• _Stored items from a collection_
*** Block opens ***

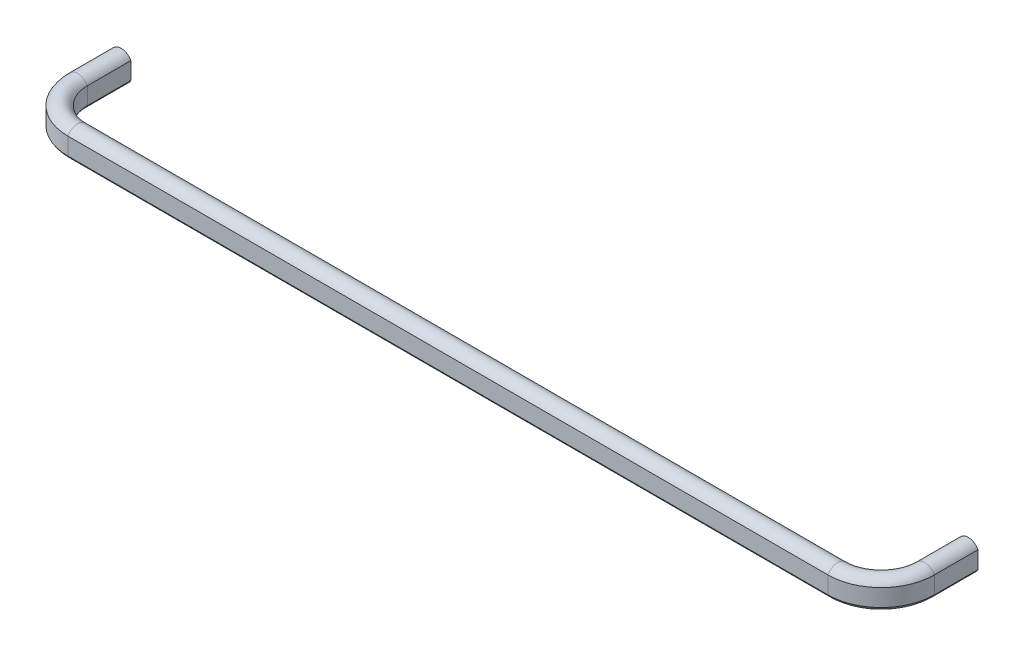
ISO-10303-21;
HEADER;
FILE_DESCRIPTION(('STEP AP214'),'2;1');
FILE_NAME('part.step','',(''),(''),'','','');
FILE_SCHEMA(('AUTOMOTIVE_DESIGN { 1 0 10303 214 1 1 1 1 }'));
ENDSEC;
DATA;
#1=APPLICATION_CONTEXT('core data for automotive mechanical design processes');
#2=APPLICATION_PROTOCOL_DEFINITION('international standard','automotive_design',2000,#1);
#3=PRODUCT_CONTEXT('',#1,'mechanical');
#4=PRODUCT('Part','Part','',(#3));
#5=PRODUCT_RELATED_PRODUCT_CATEGORY('part','',(#4));
#6=PRODUCT_DEFINITION_FORMATION('','',#4);
#7=PRODUCT_DEFINITION_CONTEXT('part definition',#1,'design');
#8=PRODUCT_DEFINITION('design','',#6,#7);
#9=PRODUCT_DEFINITION_SHAPE('','',#8);
#10=(LENGTH_UNIT() NAMED_UNIT(*) SI_UNIT(.MILLI.,.METRE.));
#11=(NAMED_UNIT(*) PLANE_ANGLE_UNIT() SI_UNIT($,.RADIAN.));
#12=(NAMED_UNIT(*) SI_UNIT($,.STERADIAN.) SOLID_ANGLE_UNIT());
#13=UNCERTAINTY_MEASURE_WITH_UNIT(LENGTH_MEASURE(1.E-05),#10,'distance_accuracy_value','');
#14=(GEOMETRIC_REPRESENTATION_CONTEXT(3) GLOBAL_UNCERTAINTY_ASSIGNED_CONTEXT((#13)) GLOBAL_UNIT_ASSIGNED_CONTEXT((#10,
#11,#12)) REPRESENTATION_CONTEXT('',''));
#15=CARTESIAN_POINT('',(0.,0.,0.));
#16=DIRECTION('',(0.,0.,1.));
#17=DIRECTION('',(1.,0.,0.));
#18=AXIS2_PLACEMENT_3D('',#15,#16,#17);
#19=CARTESIAN_POINT('',(2.00072019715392E-07,-1.4999967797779,0.));
#20=DIRECTION('',(0.,0.,1.));
#21=DIRECTION('',(0.,-1.,0.));
#22=AXIS2_PLACEMENT_3D('',#19,#20,#21);
#23=PLANE('',#22);
#24=CARTESIAN_POINT('',(0.,0.,0.));
#25=DIRECTION('',(0.,0.,1.));
#26=DIRECTION('',(1.,0.,0.));
#27=AXIS2_PLACEMENT_3D('',#24,#25,#26);
#28=CIRCLE('',#27,2.94999999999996);
#29=CARTESIAN_POINT('',(2.94999999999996,0.,0.));
#30=VERTEX_POINT('',#29);
#31=EDGE_CURVE('E9',#30,#30,#28,.T.);
#32=ORIENTED_EDGE('',*,*,#31,.T.);
#33=EDGE_LOOP('',(#32));
#34=FACE_BOUND('',#33,.T.);
#35=CARTESIAN_POINT('',(2.00072019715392E-07,-1.4999967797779,0.));
#36=DIRECTION('',(0.,0.,1.));
#37=DIRECTION('',(0.,-1.,0.));
#38=AXIS2_PLACEMENT_3D('',#35,#36,#37);
#39=CIRCLE('',#38,4.50000272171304);
#40=CARTESIAN_POINT('',(-4.,-3.56155079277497,0.));
#41=VERTEX_POINT('',#40);
#42=CARTESIAN_POINT('',(4.00000119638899,-3.56154924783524,0.));
#43=VERTEX_POINT('',#42);
#44=EDGE_CURVE('E209',#41,#43,#39,.T.);
#45=ORIENTED_EDGE('',*,*,#44,.F.);
#46=DIRECTION('',(0.,1.,0.));
#47=VECTOR('',#46,1.);
#48=CARTESIAN_POINT('',(-4.,-3.56155079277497,0.));
#49=LINE('',#48,#47);
#50=CARTESIAN_POINT('',(-4.,3.56155328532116,0.));
#51=VERTEX_POINT('',#50);
#52=EDGE_CURVE('E30',#41,#51,#49,.T.);
#53=ORIENTED_EDGE('',*,*,#52,.T.);
#54=CARTESIAN_POINT('',(2.00072019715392E-07,1.4999992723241,0.));
#55=DIRECTION('',(0.,0.,1.));
#56=DIRECTION('',(0.,-1.,0.));
#57=AXIS2_PLACEMENT_3D('',#54,#55,#56);
#58=CIRCLE('',#57,4.50000072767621);
#59=CARTESIAN_POINT('',(4.00000119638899,3.56155174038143,0.));
#60=VERTEX_POINT('',#59);
#61=EDGE_CURVE('E38',#60,#51,#58,.T.);
#62=ORIENTED_EDGE('',*,*,#61,.F.);
#63=DIRECTION('',(0.,1.,0.));
#64=VECTOR('',#63,1.);
#65=CARTESIAN_POINT('',(4.00000119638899,-3.56154924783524,0.));
#66=LINE('',#65,#64);
#67=EDGE_CURVE('E230',#43,#60,#66,.T.);
#68=ORIENTED_EDGE('',*,*,#67,.F.);
#69=EDGE_LOOP('',(#45,#53,#62,#68));
#70=FACE_BOUND('',#69,.T.);
#71=ADVANCED_FACE('F14',(#34,#70),#23,.F.);
#72=CARTESIAN_POINT('',(349.999999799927,-1.4999967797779,0.));
#73=DIRECTION('',(0.,0.,-1.));
#74=DIRECTION('',(0.,-1.,0.));
#75=AXIS2_PLACEMENT_3D('',#72,#73,#74);
#76=PLANE('',#75);
#77=CARTESIAN_POINT('',(350.,0.,0.));
#78=DIRECTION('',(0.,0.,-1.));
#79=DIRECTION('',(-1.,0.,0.));
#80=AXIS2_PLACEMENT_3D('',#77,#78,#79);
#81=CIRCLE('',#80,2.9499999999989);
#82=CARTESIAN_POINT('',(347.050000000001,0.,0.));
#83=VERTEX_POINT('',#82);
#84=EDGE_CURVE('E236',#83,#83,#81,.F.);
#85=ORIENTED_EDGE('',*,*,#84,.T.);
#86=EDGE_LOOP('',(#85));
#87=FACE_BOUND('',#86,.T.);
#88=CARTESIAN_POINT('',(349.999999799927,-1.4999967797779,0.));
#89=DIRECTION('',(0.,0.,-1.));
#90=DIRECTION('',(0.,-1.,0.));
#91=AXIS2_PLACEMENT_3D('',#88,#89,#90);
#92=CIRCLE('',#91,4.50000272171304);
#93=CARTESIAN_POINT('',(354.,-3.56155079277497,0.));
#94=VERTEX_POINT('',#93);
#95=CARTESIAN_POINT('',(345.99999880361,-3.56154924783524,0.));
#96=VERTEX_POINT('',#95);
#97=EDGE_CURVE('E107',#94,#96,#92,.T.);
#98=ORIENTED_EDGE('',*,*,#97,.T.);
#99=DIRECTION('',(0.,1.,0.));
#100=VECTOR('',#99,1.);
#101=CARTESIAN_POINT('',(345.99999880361,-3.56154924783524,0.));
#102=LINE('',#101,#100);
#103=CARTESIAN_POINT('',(345.99999880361,3.56155174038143,0.));
#104=VERTEX_POINT('',#103);
#105=EDGE_CURVE('E111',#96,#104,#102,.T.);
#106=ORIENTED_EDGE('',*,*,#105,.T.);
#107=CARTESIAN_POINT('',(349.999999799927,1.4999992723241,0.));
#108=DIRECTION('',(0.,0.,-1.));
#109=DIRECTION('',(0.,-1.,0.));
#110=AXIS2_PLACEMENT_3D('',#107,#108,#109);
#111=CIRCLE('',#110,4.50000072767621);
#112=CARTESIAN_POINT('',(354.,3.56155328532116,0.));
#113=VERTEX_POINT('',#112);
#114=EDGE_CURVE('E132',#104,#113,#111,.T.);
#115=ORIENTED_EDGE('',*,*,#114,.T.);
#116=DIRECTION('',(0.,1.,0.));
#117=VECTOR('',#116,1.);
#118=CARTESIAN_POINT('',(354.,-3.56155079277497,0.));
#119=LINE('',#118,#117);
#120=EDGE_CURVE('E114',#94,#113,#119,.T.);
#121=ORIENTED_EDGE('',*,*,#120,.F.);
#122=EDGE_LOOP('',(#98,#106,#115,#121));
#123=FACE_BOUND('',#122,.T.);
#124=ADVANCED_FACE('F109',(#87,#123),#76,.T.);
#125=CARTESIAN_POINT('',(-4.,-3.56155079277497,18.));
#126=DIRECTION('',(-1.,0.,0.));
#127=DIRECTION('',(0.,0.,1.));
#128=AXIS2_PLACEMENT_3D('',#125,#126,#127);
#129=PLANE('',#128);
#130=DIRECTION('',(0.,1.,0.));
#131=VECTOR('',#130,1.);
#132=CARTESIAN_POINT('',(-4.,-3.56155079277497,18.));
#133=LINE('',#132,#131);
#134=CARTESIAN_POINT('',(-4.,-3.56155079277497,18.));
#135=VERTEX_POINT('',#134);
#136=CARTESIAN_POINT('',(-4.,3.56155328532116,18.));
#137=VERTEX_POINT('',#136);
#138=EDGE_CURVE('E200',#135,#137,#133,.T.);
#139=ORIENTED_EDGE('',*,*,#138,.T.);
#140=DIRECTION('',(0.,0.,-1.));
#141=VECTOR('',#140,1.);
#142=CARTESIAN_POINT('',(-4.,3.56155328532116,18.));
#143=LINE('',#142,#141);
#144=EDGE_CURVE('E223',#137,#51,#143,.T.);
#145=ORIENTED_EDGE('',*,*,#144,.T.);
#146=ORIENTED_EDGE('',*,*,#52,.F.);
#147=DIRECTION('',(0.,0.,-1.));
#148=VECTOR('',#147,1.);
#149=CARTESIAN_POINT('',(-4.,-3.56155079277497,18.));
#150=LINE('',#149,#148);
#151=EDGE_CURVE('E225',#135,#41,#150,.T.);
#152=ORIENTED_EDGE('',*,*,#151,.F.);
#153=EDGE_LOOP('',(#139,#145,#146,#152));
#154=FACE_BOUND('',#153,.T.);
#155=ADVANCED_FACE('F262',(#154),#129,.T.);
#156=CARTESIAN_POINT('',(2.00073018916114E-07,1.4999992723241,18.));
#157=DIRECTION('',(0.,0.,-1.));
#158=DIRECTION('',(-1.,0.,0.));
#159=AXIS2_PLACEMENT_3D('',#156,#157,#158);
#160=CYLINDRICAL_SURFACE('',#159,4.50000072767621);
#161=CARTESIAN_POINT('',(2.00073018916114E-07,1.4999992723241,18.));
#162=DIRECTION('',(0.,0.,1.));
#163=DIRECTION('',(0.,-1.,0.));
#164=AXIS2_PLACEMENT_3D('',#161,#162,#163);
#165=CIRCLE('',#164,4.50000072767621);
#166=CARTESIAN_POINT('',(4.00000119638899,3.56155174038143,18.));
#167=VERTEX_POINT('',#166);
#168=EDGE_CURVE('E214',#167,#137,#165,.T.);
#169=ORIENTED_EDGE('',*,*,#168,.F.);
#170=DIRECTION('',(0.,0.,-1.));
#171=VECTOR('',#170,1.);
#172=CARTESIAN_POINT('',(4.00000119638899,3.56155174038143,18.));
#173=LINE('',#172,#171);
#174=EDGE_CURVE('E221',#167,#60,#173,.T.);
#175=ORIENTED_EDGE('',*,*,#174,.T.);
#176=ORIENTED_EDGE('',*,*,#61,.T.);
#177=ORIENTED_EDGE('',*,*,#144,.F.);
#178=EDGE_LOOP('',(#169,#175,#176,#177));
#179=FACE_BOUND('',#178,.T.);
#180=ADVANCED_FACE('F336',(#179),#160,.T.);
#181=CARTESIAN_POINT('',(4.00000119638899,-3.56154924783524,18.));
#182=DIRECTION('',(-1.,0.,0.));
#183=DIRECTION('',(0.,0.,1.));
#184=AXIS2_PLACEMENT_3D('',#181,#182,#183);
#185=PLANE('',#184);
#186=DIRECTION('',(0.,1.,0.));
#187=VECTOR('',#186,1.);
#188=CARTESIAN_POINT('',(4.00000119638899,-3.56154924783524,18.));
#189=LINE('',#188,#187);
#190=CARTESIAN_POINT('',(4.00000119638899,-3.56154924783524,18.));
#191=VERTEX_POINT('',#190);
#192=EDGE_CURVE('E211',#191,#167,#189,.T.);
#193=ORIENTED_EDGE('',*,*,#192,.F.);
#194=DIRECTION('',(0.,0.,-1.));
#195=VECTOR('',#194,1.);
#196=CARTESIAN_POINT('',(4.00000119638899,-3.56154924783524,18.));
#197=LINE('',#196,#195);
#198=EDGE_CURVE('E218',#191,#43,#197,.T.);
#199=ORIENTED_EDGE('',*,*,#198,.T.);
#200=ORIENTED_EDGE('',*,*,#67,.T.);
#201=ORIENTED_EDGE('',*,*,#174,.F.);
#202=EDGE_LOOP('',(#193,#199,#200,#201));
#203=FACE_BOUND('',#202,.T.);
#204=ADVANCED_FACE('F332',(#203),#185,.F.);
#205=CARTESIAN_POINT('',(2.00073018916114E-07,-1.4999967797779,18.));
#206=DIRECTION('',(0.,0.,-1.));
#207=DIRECTION('',(-1.,0.,0.));
#208=AXIS2_PLACEMENT_3D('',#205,#206,#207);
#209=CYLINDRICAL_SURFACE('',#208,4.50000272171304);
#210=CARTESIAN_POINT('',(2.00073018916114E-07,-1.4999967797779,18.));
#211=DIRECTION('',(0.,0.,1.));
#212=DIRECTION('',(0.,-1.,0.));
#213=AXIS2_PLACEMENT_3D('',#210,#211,#212);
#214=CIRCLE('',#213,4.50000272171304);
#215=EDGE_CURVE('E187',#135,#191,#214,.T.);
#216=ORIENTED_EDGE('',*,*,#215,.F.);
#217=ORIENTED_EDGE('',*,*,#151,.T.);
#218=ORIENTED_EDGE('',*,*,#44,.T.);
#219=ORIENTED_EDGE('',*,*,#198,.F.);
#220=EDGE_LOOP('',(#216,#217,#218,#219));
#221=FACE_BOUND('',#220,.T.);
#222=ADVANCED_FACE('F328',(#221),#209,.T.);
#223=CARTESIAN_POINT('',(17.999999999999,6.81897340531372E-13,18.));
#224=DIRECTION('',(0.,-1.,0.));
#225=DIRECTION('',(1.,0.,0.));
#226=AXIS2_PLACEMENT_3D('',#223,#224,#225);
#227=CYLINDRICAL_SURFACE('',#226,21.9999999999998);
#228=DIRECTION('',(0.,1.,0.));
#229=VECTOR('',#228,1.);
#230=CARTESIAN_POINT('',(18.,-3.56155079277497,40.));
#231=LINE('',#230,#229);
#232=CARTESIAN_POINT('',(18.,-3.56155079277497,40.));
#233=VERTEX_POINT('',#232);
#234=CARTESIAN_POINT('',(18.,3.56155328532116,40.));
#235=VERTEX_POINT('',#234);
#236=EDGE_CURVE('E178',#233,#235,#231,.T.);
#237=ORIENTED_EDGE('',*,*,#236,.T.);
#238=CARTESIAN_POINT('',(17.999999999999,3.56155328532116,18.));
#239=DIRECTION('',(0.,-1.,0.));
#240=DIRECTION('',(1.,0.,0.));
#241=AXIS2_PLACEMENT_3D('',#238,#239,#240);
#242=CIRCLE('',#241,21.9999999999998);
#243=EDGE_CURVE('E203',#235,#137,#242,.T.);
#244=ORIENTED_EDGE('',*,*,#243,.T.);
#245=ORIENTED_EDGE('',*,*,#138,.F.);
#246=CARTESIAN_POINT('',(17.999999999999,-3.56155079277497,18.));
#247=DIRECTION('',(0.,-1.,0.));
#248=DIRECTION('',(1.,0.,0.));
#249=AXIS2_PLACEMENT_3D('',#246,#247,#248);
#250=CIRCLE('',#249,21.9999999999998);
#251=EDGE_CURVE('E206',#233,#135,#250,.T.);
#252=ORIENTED_EDGE('',*,*,#251,.F.);
#253=EDGE_LOOP('',(#237,#244,#245,#252));
#254=FACE_BOUND('',#253,.T.);
#255=ADVANCED_FACE('F324',(#254),#227,.T.);
#256=CARTESIAN_POINT('',(17.999999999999,1.4999992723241,18.));
#257=DIRECTION('',(0.,-1.,0.));
#258=DIRECTION('',(1.,0.,0.));
#259=AXIS2_PLACEMENT_3D('',#256,#257,#258);
#260=TOROIDAL_SURFACE('',#259,17.999999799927,4.50000072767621);
#261=CARTESIAN_POINT('',(18.,1.4999992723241,35.999999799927));
#262=DIRECTION('',(1.,0.,0.));
#263=DIRECTION('',(0.,-1.,0.));
#264=AXIS2_PLACEMENT_3D('',#261,#262,#263);
#265=CIRCLE('',#264,4.50000072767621);
#266=CARTESIAN_POINT('',(17.999999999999,3.56155174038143,31.9999988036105));
#267=VERTEX_POINT('',#266);
#268=EDGE_CURVE('E192',#267,#235,#265,.T.);
#269=ORIENTED_EDGE('',*,*,#268,.F.);
#270=CARTESIAN_POINT('',(17.999999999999,3.56155174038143,18.));
#271=DIRECTION('',(0.,-1.,0.));
#272=DIRECTION('',(1.,0.,0.));
#273=AXIS2_PLACEMENT_3D('',#270,#271,#272);
#274=CIRCLE('',#273,13.9999988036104);
#275=EDGE_CURVE('E199',#267,#167,#274,.T.);
#276=ORIENTED_EDGE('',*,*,#275,.T.);
#277=ORIENTED_EDGE('',*,*,#168,.T.);
#278=ORIENTED_EDGE('',*,*,#243,.F.);
#279=EDGE_LOOP('',(#269,#276,#277,#278));
#280=FACE_BOUND('',#279,.T.);
#281=ADVANCED_FACE('F320',(#280),#260,.T.);
#282=CARTESIAN_POINT('',(17.999999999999,6.81897340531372E-13,18.));
#283=DIRECTION('',(0.,-1.,0.));
#284=DIRECTION('',(1.,0.,0.));
#285=AXIS2_PLACEMENT_3D('',#282,#283,#284);
#286=CYLINDRICAL_SURFACE('',#285,13.9999988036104);
#287=DIRECTION('',(0.,1.,0.));
#288=VECTOR('',#287,1.);
#289=CARTESIAN_POINT('',(17.999999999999,-3.56154924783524,31.9999988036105));
#290=LINE('',#289,#288);
#291=CARTESIAN_POINT('',(17.999999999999,-3.56154924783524,31.9999988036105));
#292=VERTEX_POINT('',#291);
#293=EDGE_CURVE('E189',#292,#267,#290,.T.);
#294=ORIENTED_EDGE('',*,*,#293,.F.);
#295=CARTESIAN_POINT('',(17.999999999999,-3.56154924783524,18.));
#296=DIRECTION('',(0.,-1.,0.));
#297=DIRECTION('',(1.,0.,0.));
#298=AXIS2_PLACEMENT_3D('',#295,#296,#297);
#299=CIRCLE('',#298,13.9999988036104);
#300=EDGE_CURVE('E196',#292,#191,#299,.T.);
#301=ORIENTED_EDGE('',*,*,#300,.T.);
#302=ORIENTED_EDGE('',*,*,#192,.T.);
#303=ORIENTED_EDGE('',*,*,#275,.F.);
#304=EDGE_LOOP('',(#294,#301,#302,#303));
#305=FACE_BOUND('',#304,.T.);
#306=ADVANCED_FACE('F316',(#305),#286,.F.);
#307=CARTESIAN_POINT('',(17.999999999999,-1.4999967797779,18.));
#308=DIRECTION('',(0.,-1.,0.));
#309=DIRECTION('',(1.,0.,0.));
#310=AXIS2_PLACEMENT_3D('',#307,#308,#309);
#311=TOROIDAL_SURFACE('',#310,17.999999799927,4.50000272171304);
#312=CARTESIAN_POINT('',(18.,-1.4999967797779,35.999999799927));
#313=DIRECTION('',(1.,0.,0.));
#314=DIRECTION('',(0.,-1.,0.));
#315=AXIS2_PLACEMENT_3D('',#312,#313,#314);
#316=CIRCLE('',#315,4.50000272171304);
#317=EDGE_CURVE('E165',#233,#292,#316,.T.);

*** Block closes ***

Write out the lines of the entries above exactly, beginning with the first and ending with the line that contains "#9=PRODUCT_DEFINITION_SHAPE('','',#8);". No picture goes in.

ISO-10303-21;
HEADER;
FILE_DESCRIPTION(('STEP AP214'),'2;1');
FILE_NAME('part.step','',(''),(''),'','','');
FILE_SCHEMA(('AUTOMOTIVE_DESIGN { 1 0 10303 214 1 1 1 1 }'));
ENDSEC;
DATA;
#1=APPLICATION_CONTEXT('core data for automotive mechanical design processes');
#2=APPLICATION_PROTOCOL_DEFINITION('international standard','automotive_design',2000,#1);
#3=PRODUCT_CONTEXT('',#1,'mechanical');
#4=PRODUCT('Part','Part','',(#3));
#5=PRODUCT_RELATED_PRODUCT_CATEGORY('part','',(#4));
#6=PRODUCT_DEFINITION_FORMATION('','',#4);
#7=PRODUCT_DEFINITION_CONTEXT('part definition',#1,'design');
#8=PRODUCT_DEFINITION('design','',#6,#7);
#9=PRODUCT_DEFINITION_SHAPE('','',#8);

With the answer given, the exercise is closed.